What are the biggest issues with current growth charts?
• Existing growth charts for foetuses and preterm infants are references, not standards. In other words, they merely describe what has happened in a (usually local) population at a particular point in time. They rarely are based on data collected following the same individuals through time and they do not adhere to the WHO recommendation to focus on mothers who are healthy, adequately nourished, educated, receiving evidence-based healthcare, and living in a clean environment to describe optimal growth over time.
• In addition, the data contributing to references are rarely collected with the kind of scientific rigour adopted in both the original WHO study and INTERGROWTH-21st. In particular, studies that have produced references tend to be smaller, utilise routinely collected clinical data rather than data collected prospectively for research, and have not assessed newborns or followed the infants’ growth and development after birth.
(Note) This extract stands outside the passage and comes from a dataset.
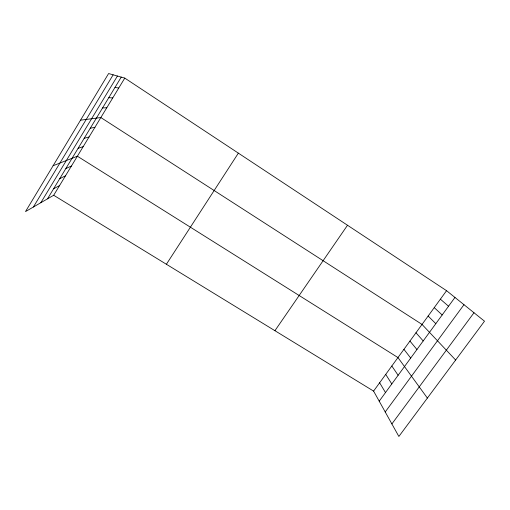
<?xml version="1.0" encoding="UTF-8"?>
<svg xmlns="http://www.w3.org/2000/svg" width="510" height="510" viewBox="0 0 510 510"><rect width="100%" height="100%" fill="white"/><g stroke="black" fill="none" stroke-linecap="round" stroke-linejoin="round"><path stroke-width="0.76" d="M33.38 207.022L113.143 74.817M40.832 202.706L117.421 76.028M47.5 198.849L121.24 77.106M53.684 195.266L124.778 78.1L446.556 290.687L484.5 321.192L398.865 436.458L373.588 391.094L53.684 195.266L25.5 211.586L108.605 73.542L124.778 78.1M166.394 264.256L238.361 153.14M274.928 330.697L347.514 225.254M373.588 391.094L446.556 290.687M379.21 401.179L454.965 297.445M385.222 411.965L463.979 304.687M391.884 423.931L473.988 312.738M53.588 188.789L59.562 185.576M59.715 178.678L65.471 175.835M65.873 168.517L71.413 166.05M53.097 165.737L77.38 156.213L397.959 357.561L427.38 398.074M78.094 148.333L83.207 146.619M84.163 138.312L89.052 136.973M90.264 128.246L94.936 127.283M80.523 120.181L100.846 117.542L422.038 324.424L455.64 360.034M102.561 107.948L106.781 107.757M108.757 97.716L112.748 97.92M114.98 87.439L118.747 88.032M440.385 299.179L448.558 306.229M434.246 307.632L442.17 314.97M428.126 316.047L435.82 323.665M415.981 332.762L423.204 340.941M409.944 341.069L416.938 349.522M403.939 349.331L410.703 358.058M391.827 366.001L398.125 375.277M385.719 374.404L391.795 383.953M379.638 382.768L385.49 392.585"/></g></svg>

• A large number of foetal growth references exist, produced using a variety of methodologies that have generated different results. Thus, a woman can be scanned during pregnancy and told that her foetus is small according to the chart in use in that hospital. She then crosses a national border or into a different region of the city or country and can be told, based on the same measures, that the size is ‘normal’ because another chart was used.
• The use of references normalises poor growth in a disadvantaged population. In other words, if all the babies in a population are small because of, for example, malnourishment then the percentage that will fall beneath the 10th centile (the traditional threshold for defining small) using a reference will be 10%. Re-examination of data from low- to middle-income countries using the INTERGROWTH-21st standards instead of local references has shown that the percentage below the 10th centile can be over 60%, not 10%.
• For child growth, WHO standards only included babies born at term, so it was not possible to assess the growth of preterm infants accurately. INTERGROWTH-21st has created standards to assess: 1) weight at birth starting from 24 weeks gestational age and 2) postnatal growth for children born at each gestational week starting from week 26.
What are the next steps in implementing the INTERGROWTH-21st tools at a global level?
Currently, the use of foetal/newborn/preterm standards varies across countries and region. Some countries, such as Argentina, Brazil, and Uruguay, have fully implemented the INTERGROWTH-21st standards at national level. Other countries, such as France and Nigeria, have medical academies that recommend the use of the INTERGROWTH-21st standards. In the UK and Ghana, as examples, implementation is occurring through a bottom-up approach led by large teaching hospitals. The next steps are for medical academies, health ministries, and leading teaching hospitals globally to review their recommendations so as to change the charts being used.